The systemd project has given rise to lots of other interesting tools and technologies. Meet systemd-nspawn, a container tool that serves as a simple Docker alternative.

Systemd-nspawn [1]is a lightweight container tool that can run a command or full operating system in a contained environment on Linux. According to the systemd-nspawn man page, systemd-nspawn is "…similar to chroot(1) but more powerful since it fully virtualizes the filesystem hierarchy as well as the process tree, the various IPC subsystems, and the host and domain names." (See also the "Other Container Tools" box.)

Other Container Tools

To understand systemd-nspawn, it can be helpful to contrast it with a few different but related tools.

Chroot [3] is one of the oldest and simplest ways to provide some process isolation on Linux. The chroot system call allows the calling process to switch to an isolated filesystem environment. After that, any filesystem path reference that the application makes is considered relative to the chroot directory. An example of this behavior is:

chroot /home/editorial/images/jessie/ /bin/ls

The second part of the line attempts to run the ls command in the chroot environment set up by the first part (Figure 1). The new root directory thus resides on the host below /home/editorial/images/jessie. After using the chroot command, the process on the host does not see any files outside of /home/editorial/images/jessie.

Fundamentally, all chroot does is change the mechanism that's used to resolve pathnames when a process tries to access the filesystem. Chroot thus provides a basic level of isolation at the filesystem level. Unfortunately, the simple isolation provided by chroot is quite trivially breakable: Various methods exist for "escaping" a chroot jail (e.g., if a process is already holding onto a file descriptor pointing outside of the chroot before the call is made), so chroot alone does not provide sufficient security. Chroot also doesn't offer any of the other types of process isolation that can be desirable on Linux, like memory usage or network interfaces.
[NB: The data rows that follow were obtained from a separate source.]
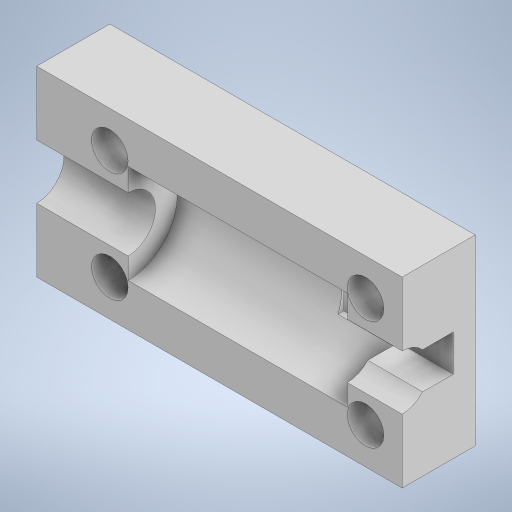
# Autodesk Inventor part: lase_top
Saved by Autodesk Inventor 2024 (Build 280153000, 153)
## iProperties
Created: 2023-11-01
Part Number: lase_top
Material: Generic
Document SubType Name: Modeling
Designer: toybox
Density: 1 g/cm^3
Appearance: Default
Author: toybox
Autodesk Inventor part; units mm, degrees
sketch "Sketch1" plane through (0, 0, 0) normal (0, 0, 1) x (1, 0, 0)
  line L0 (-10, 5) -> (10, 5)
  line L1 (10, 5) -> (10, -5)
  line L2 (10, -5) -> (-10, -5)
  line L3 (-10, -5) -> (-10, 5)
  line L4 (-10, 5) -> (10, -5) construction
  line L5 (10, 5) -> (-10, -5) construction
  point P0 (0, 0)
  dimension "d0" = 20
  dimension "d1" = 10
  constraints: 12 end point, 2 midpoint, 2 parallel, 1 horizontal, 1 perpendicular
  measures "d0" distance of L1.end L2.end
  measures "d1" distance of L0.end L1.end
extrude "Extrusion1" add sketch "Sketch1" along normal blind 4
sketch "Sketch5" plane through (10, -5, 0) normal (1, 0, 0) x (0, 0, -1)
  circle A0 centre (-4, 5) radius 1.5
  point P0 (0, 5)
  dimension "d16" = 3
  constraints: 1 centre point
  measures "d16" diameter of A0
extrude "Extrusion4" cut sketch "Sketch5" against normal through all
ref_plane "Work Plane2" through (-5, 0, -0.0356) normal (-1, 0, 0) x (0, 0, 1)
sketch "Sketch6" plane through (-5, 0, -0.0356) normal (-1, 0, 0) x (0, 0, 1)
  arc A0 (4.0356, -1.4565) -> (4.0356, 1.5435) centre (4.0356, 0.0435) ccw
  circle A1 centre (4.0356, 0.0435) radius 2.7
  point P0 (8.0356, 0.0435)
  dimension "d20" = 5.4
  constraints: 2 centre point, 2 point on circle, 1 coincident
  measures "d20" diameter of A1
extrude "Extrusion5" cut sketch "Sketch6" against normal blind 12
sketch "Sketch7" plane through (0, 0, 4) normal (0, 0, 1) x (1, 0, 0)
  circle A0 centre (8, 3) radius 1
  circle A1 centre (8, -3) radius 1
  circle A2 centre (-6, 3) radius 1
  circle A3 centre (-6, -3) radius 1
  point P0 (0, 0)
  dimension "d26" = 2
  dimension "d27" = 2
  dimension "d28" = 2
  dimension "d29" = 2
  constraints: 4 centre point
  measures "d26" diameter of A0
  measures "d27" diameter of A1
  measures "d28" diameter of A2
  measures "d29" diameter of A3
extrude "Extrusion6" cut sketch "Sketch7" against normal through all
ref_plane "Work Plane3" through (-80, 0.5, 0) normal (0, 1, 0) x (1, 0, 0)
ref_plane "Work Plane4" through (-80, 0.2, 0) normal (0, 1, 0) x (1, 0, 0)
ref_plane "Work Plane5" through (-80, 0, 0) normal (0, 1, 0) x (1, 0, 0)
sketch "Sketch10" plane through (-80, 0, 0) normal (0, 1, 0) x (1, 0, 0)
  line L0 (90, -2.5) -> (90, -4)
  line L1 (90, -4) -> (84, -4)
  line L2 (84, -4) -> (84, -1.2)
  line L3 (84, -1.2) -> (90, -1.2)
  line L4 (90, -1.2) -> (90, -4)
  point P0 (45, 0)
  dimension "d42" = 6
  dimension "d43" = 2.8
  constraints: 10 end point, 2 parallel, 1 horizontal, 1 perpendicular
  measures "d42" distance of L2.end L3.end
  measures "d43" distance of L1.end L2.end
extrude "Extrusion9" cut sketch "Sketch10" along normal mid plane 2
sketch "Sketch12" plane through (0, 0, 0) normal (0, 0, -1) x (-1, 0, 0)
  line L0 (7.6493, -1.6216) -> (-9.1144, -1.6216) construction
  line L1 (-9.1144, -1.6216) -> (-9.1144, 1.4284) construction
  line L2 (-9.1144, 1.4284) -> (7.6493, 1.4284) construction
  line L3 (7.6493, 1.4284) -> (7.6493, -1.6216) construction
  spline S0 degree 2 poles (6.7615, -1.4284) (6.7615, -1.6216) (6.5654, -1.6216) knots 0 0 0 1 1 1
  spline S1 degree 2 poles (6.5654, -1.6216) (6.3693, -1.6216) (6.3693, -1.4284) knots 0 0 0 1 1 1
  line L4 (6.3693, -1.4284) -> (6.3693, 1.039)
  line L5 (6.3693, 1.039) -> (5.3807, 1.039)
  spline S2 degree 2 poles (5.3807, 1.039) (5.1846, 1.039) (5.1846, 1.2323) knots 0 0 0 1 1 1
  spline S3 degree 2 poles (5.1846, 1.2323) (5.1846, 1.4284) (5.3807, 1.4284) knots 0 0 0 1 1 1
  line L6 (5.3807, 1.4284) -> (6.5654, 1.4284)
  spline S4 degree 2 poles (6.5654, 1.4284) (6.7615, 1.4284) (6.7615, 1.2323) knots 0 0 0 1 1 1
  line L7 (6.7615, 1.2323) -> (6.7615, -1.4284)
  spline S5 degree 2 poles (2.8012, 1.4284) (3.0729, 1.4284) (3.4426, 1.0587) (3.4426, 0.787) knots 0 0 0 1 2 2 2
  spline S6 degree 2 poles (3.4426, 0.787) (3.4426, 0.6161) (3.3558, 0.4677) knots 0 0 0 1 1 1
  spline S7 degree 2 poles (3.3558, 0.4677) (3.1765, 0.1512) (2.8012, 0.1512) knots 0 0 0 1 1 1
  line L8 (2.8012, 0.1512) -> (2.2579, 0.1512)
  line L9 (2.2579, 0.1512) -> (2.2579, -0.1008)
  spline S8 degree 2 poles (2.2579, -0.1008) (2.2579, -0.2045) (2.4007, -0.3473) (2.5071, -0.3473) knots 0 0 0 1 2 2 2
  line L10 (2.5071, -0.3473) -> (3.0981, -0.3473)
  spline S9 degree 2 poles (3.0981, -0.3473) (3.2941, -0.3473) (3.2941, -0.5434) knots 0 0 0 1 1 1
  spline S10 degree 2 poles (3.2941, -0.5434) (3.2941, -0.7366) (3.0981, -0.7366) knots 0 0 0 1 1 1
  line L11 (3.0981, -0.7366) -> (2.5071, -0.7366)
  spline S11 degree 2 poles (2.5071, -0.7366) (2.2383, -0.7366) (1.8658, -0.3669) (1.8658, -0.1008) knots 0 0 0 1 2 2 2
  line L12 (1.8658, -0.1008) -> (1.8658, 1.2323)
  spline S12 degree 2 poles (1.8658, 1.2323) (1.8658, 1.4284) (2.0618, 1.4284) knots 0 0 0 1 1 1
  line L13 (2.0618, 1.4284) -> (2.8012, 1.4284)
  line L14 (2.2579, 0.5405) -> (2.8012, 0.5405)
  spline S13 degree 2 poles (2.8012, 0.5405) (2.9048, 0.5405) (3.0505, 0.6862) (3.0505, 0.787) knots 0 0 0 1 2 2 2
  spline S14 degree 2 poles (3.0505, 0.787) (3.0505, 0.8906) (2.902, 1.039) (2.8012, 1.039) knots 0 0 0 1 2 2 2
  line L15 (2.8012, 1.039) -> (2.2579, 1.039)
  line L16 (2.2579, 1.039) -> (2.2579, 0.5405)
  spline S15 degree 2 poles (-1.0638, 0.8626) (-1.0638, 0.7506) (-0.9658, 0.703) knots 0 0 0 1 1 1
  line L17 (-0.9658, 0.703) -> (-0.2068, 0.3389)
  spline S16 degree 2 poles (-0.2068, 0.3389) (0.1181, 0.182) (0.1181, -0.1737) knots 0 0 0 1 1 1
  spline S17 degree 2 poles (0.1181, -0.1737) (0.1181, -0.4537) (-0.1144, -0.605) knots 0 0 0 1 1 1
  spline S18 degree 2 poles (-0.1144, -0.605) (-0.3076, -0.7338) (-0.5933, -0.7338) knots 0 0 0 1 1 1
  spline S19 degree 2 poles (-0.5933, -0.7338) (-0.9378, -0.7338) (-1.2066, -0.563) knots 0 0 0 1 1 1
  spline S20 degree 2 poles (-1.2066, -0.563) (-1.3075, -0.4986) (-1.3075, -0.3949) knots 0 0 0 1 1 1
  spline S21 degree 2 poles (-1.3075, -0.3949) (-1.3075, -0.3137) (-1.1926, -0.1989) (-1.1114, -0.1989) knots 0 0 0 1 2 2 2
  spline S22 degree 2 poles (-1.1114, -0.1989) (-1.0582, -0.1989) (-0.9966, -0.2409) knots 0 0 0 1 1 1
  spline S23 degree 2 poles (-0.9966, -0.2409) (-0.8173, -0.3445) (-0.5933, -0.3445) knots 0 0 0 1 1 1
  spline S24 degree 2 poles (-0.5933, -0.3445) (-0.274, -0.3445) (-0.274, -0.1737) knots 0 0 0 1 1 1
  spline S25 degree 2 poles (-0.274, -0.1737) (-0.274, -0.0588) (-0.3664, -0.014) knots 0 0 0 1 1 1
  line L18 (-0.3664, -0.014) -> (-1.1338, 0.3557)
  spline S26 degree 2 poles (-1.1338, 0.3557) (-1.4559, 0.5125) (-1.4559, 0.8626) knots 0 0 0 1 1 1
  spline S27 degree 2 poles (-1.4559, 0.8626) (-1.4559, 1.1595) (-1.2206, 1.3079) knots 0 0 0 1 1 1
  spline S28 degree 2 poles (-1.2206, 1.3079) (-1.0302, 1.4284) (-0.7277, 1.4284) knots 0 0 0 1 1 1
  spline S29 degree 2 poles (-0.7277, 1.4284) (-0.288, 1.4284) (0.0117, 1.2575) knots 0 0 0 1 1 1
  spline S30 degree 2 poles (0.0117, 1.2575) (0.1181, 1.1987) (0.1181, 1.0839) knots 0 0 0 1 1 1
  spline S31 degree 2 poles (0.1181, 1.0839) (0.1181, 1.0054) (0.0033, 0.8906) (-0.0779, 0.8906) knots 0 0 0 1 2 2 2
  spline S32 degree 2 poles (-0.0779, 0.8906) (-0.1172, 0.8906) (-0.134, 0.899) knots 0 0 0 1 1 1
  spline S33 degree 2 poles (-0.134, 0.899) (-0.2152, 0.9354) (-0.3664, 0.9886) knots 0 0 0 1 1 1
  spline S34 degree 2 poles (-0.3664, 0.9886) (-0.5485, 1.039) (-0.7361, 1.039) knots 0 0 0 1 1 1
  spline S35 degree 2 poles (-0.7361, 1.039) (-1.0638, 1.039) (-1.0638, 0.8626) knots 0 0 0 1 1 1
  line L19 (-3.5957, 0.5405) -> (-3.5957, 0.787)
  spline S36 degree 2 poles (-3.5957, 0.787) (-3.5957, 0.8906) (-3.7441, 1.039) (-3.8449, 1.039) knots 0 0 0 1 2 2 2
  line L20 (-3.8449, 1.039) -> (-4.5843, 1.039)
  spline S37 degree 2 poles (-4.5843, 1.039) (-4.7804, 1.039) (-4.7804, 1.2323) knots 0 0 0 1 1 1
  spline S38 degree 2 poles (-4.7804, 1.2323) (-4.7804, 1.4284) (-4.5843, 1.4284) knots 0 0 0 1 1 1
  line L21 (-4.5843, 1.4284) -> (-3.8449, 1.4284)
  spline S39 degree 2 poles (-3.8449, 1.4284) (-3.5733, 1.4284) (-3.2036, 1.0587) (-3.2036, 0.7898) knots 0 0 0 1 2 2 2
  line L22 (-3.2036, 0.7898) -> (-3.2036, 0.0504)
  spline S40 degree 2 poles (-3.2036, 0.0504) (-3.2036, -0.2745) (-3.6629, -0.7338) (-3.9906, -0.7338) knots 0 0 0 1 2 2 2
  spline S41 degree 2 poles (-3.9906, -0.7338) (-4.3239, -0.7338) (-4.7804, -0.2801) (-4.7804, 0.0504) knots 0 0 0 1 2 2 2
  line L23 (-4.7804, 0.0504) -> (-4.7804, 0.5405)
  line L24 (-4.7804, 0.5405) -> (-3.5957, 0.5405)
  spline S42 degree 2 poles (-3.9906, -0.3473) (-3.8281, -0.3473) (-3.5957, -0.1149) (-3.5957, 0.0476) knots 0 0 0 1 2 2 2
  line L25 (-3.5957, 0.0476) -> (-3.5957, 0.1512)
  line L26 (-3.5957, 0.1512) -> (-4.3883, 0.1512)
  line L27 (-4.3883, 0.1512) -> (-4.3883, 0.0476)
  spline S43 degree 2 poles (-4.3883, 0.0476) (-4.3883, -0.1149) (-4.1558, -0.3473) (-3.9906, -0.3473) knots 0 0 0 1 2 2 2
  spline S44 degree 2 poles (-6.6737, -0.5434) (-6.6737, -0.7366) (-6.8697, -0.7366) knots 0 0 0 1 1 1
  line L28 (-6.8697, -0.7366) -> (-7.7576, -0.7366)
  spline S45 degree 2 poles (-7.7576, -0.7366) (-7.9536, -0.7366) (-7.9536, -0.5434) knots 0 0 0 1 1 1
  line L29 (-7.9536, -0.5434) -> (-7.9536, -0.2465)
  spline S46 degree 2 poles (-7.9536, -0.2465) (-7.9536, -0.0504) (-7.7576, -0.0504) knots 0 0 0 1 1 1
  spline S47 degree 2 poles (-7.7576, -0.0504) (-7.5615, -0.0504) (-7.5615, -0.2465) knots 0 0 0 1 1 1
  line L30 (-7.5615, -0.2465) -> (-7.5615, -0.3473)
  line L31 (-7.5615, -0.3473) -> (-7.0658, -0.3473)
  line L32 (-7.0658, -0.3473) -> (-7.0658, 1.2323)
  spline S48 degree 2 poles (-7.0658, 1.2323) (-7.0658, 1.4284) (-6.8697, 1.4284) knots 0 0 0 1 1 1
  spline S49 degree 2 poles (-6.8697, 1.4284) (-6.6737, 1.4284) (-6.6737, 1.2323) knots 0 0 0 1 1 1
  line L33 (-6.6737, 1.2323) -> (-6.6737, -0.5434)
  point P0 (0, 0)
  constraints: 2 other
extrude "Extrusion10" cut sketch "Sketch12" against normal blind 0.5
body "Solid1"
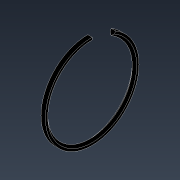
# Autodesk Inventor part: Pierścień klinowy
Saved by Autodesk Inventor 2022 (Build 260153000, 153)
## iProperties
Created: 2023-05-24
Part Number: Pierścień klinowy
Material: Generic
Document SubType Name: Modeling
Designer: wikto
Density: 1 g/cm^3
Appearance: Anodized - Black
Author: wikto
Autodesk Inventor part; units mm, degrees
ref_plane "YZ Plane" through (0, 0, 0) normal (1, 0, 0) x (0, 1, 0)
ref_plane "XZ Plane" through (0, 0, 0) normal (0, 1, 0) x (-1, 0, 0)
ref_plane "XY Plane" through (0, 0, 0) normal (0, 0, 1) x (1, 0, 0)
sketch "Sketch1" plane through (0, 0, 0) normal (0, 0, 1) x (1, 0, 0)
  line L0 (0, 27.0856) -> (-1.414, 28.5)
  line L1 (-1.414, 28.5) -> (-1.414, 30)
  line L2 (-1.414, 30) -> (1.414, 30)
  line L3 (1.414, 30) -> (1.414, 28.5)
  line L4 (1.414, 28.5) -> (0, 27.0856)
  line L5 (-5, 0) -> (5, 0)
  point P0 (0, 0)
  point P1 (0, 30)
  point P2 (0, 0)
  dimension "d0" = 2
  dimension "d1" = 10
  dimension "d3" = 57
  dimension "d4" = 2.828
  dimension "d5" = 1.5
  constraints: 12 end point, 2 equal length, 2 midpoint, 2 perpendicular, 1 coincident, 1 horizontal, 1 vertical, 1 vertical alignment
  measures "d0" distance of L3.end L0.start
  measures "d1" distance of L5.start L5.end
  measures "d3" diameter of L3.end L5
  measures "d4" distance between parallel lines of L1 L3
  measures "d5" distance of L2.end L3.end
revolve "Revolution1" add sketch "Sketch1" angle 330 about axis through (-5, 0, 0) along (1, 0, 0)
body "Solid1"

The past five years have seen the emergence of more powerful containment tools, like systemd-nspawn, rkt [4], and Docker [5], that take advantage of Linux kernel features to provide much greater isolation between processes on a system.

Rkt and Docker are both targeted at end users and admins wanting to run applications in containers. Systemd-nspawn is a lower-level tool, targeted more at developers and testers.

Rkt is an application container runtime developed at CoreOS, and it is an implementation of the App Container Specification (appc) [6]. When running application containers, rkt internally uses a staged architecture. The first stage, stage0, is the rkt command line itself, which is responsible for things like discovering application container images on the Internet or from repositories, downloading them across the network, and managing a local disk cache. Stage1 is responsible for setting up the actual isolated environment, using the necessary kernel features to isolate the applications from the host. Finally, stage2 refers to the user-specified applications themselves; in the case of rkt, multiple applications can run in a single pod.

The Rkt version delivered with Core OS directly leverages systemd-nspawn to do all of the heavy lifting when it comes to setting up the container. Another version of rkt uses the kvm tool [7], which sets up a lightweight Virtual Machine (VM) that takes advantage of the hardware isolation provided with the Linux kernel's KVM driver.

Docker is a container platform that consists of a lot of parts, with duties ranging from executing individual containers in a host, to scheduling and orchestrating containers across large clusters of servers. For the purposes of this comparison, Docker consists of two key modes encapsulated in the docker command-line tool:

  • daemon mode, which performs all of the heavy lifting involved in running and managing containers
  • client mode, which is how most users interact with the Docker engine [8]. For example, a simple docker run command is translated into an API call that is passed on to the local Docker engine, which is then responsible for setting and running the container that the user specified.

The Docker engine is responsible for a huge number of different functions: from retrieving container images over the Internet, to managing the lifecycle of containers on a system, to serving the aforementioned REST HTTP API (whether to the actual "docker" client, or any other HTTP client). The Docker engine is thus necessarily long-running (because it directly manages the lifecycle of all "Docker containers" on a system).

Figure 1: A chroot environment offers a simple, but insecure, form of isolation.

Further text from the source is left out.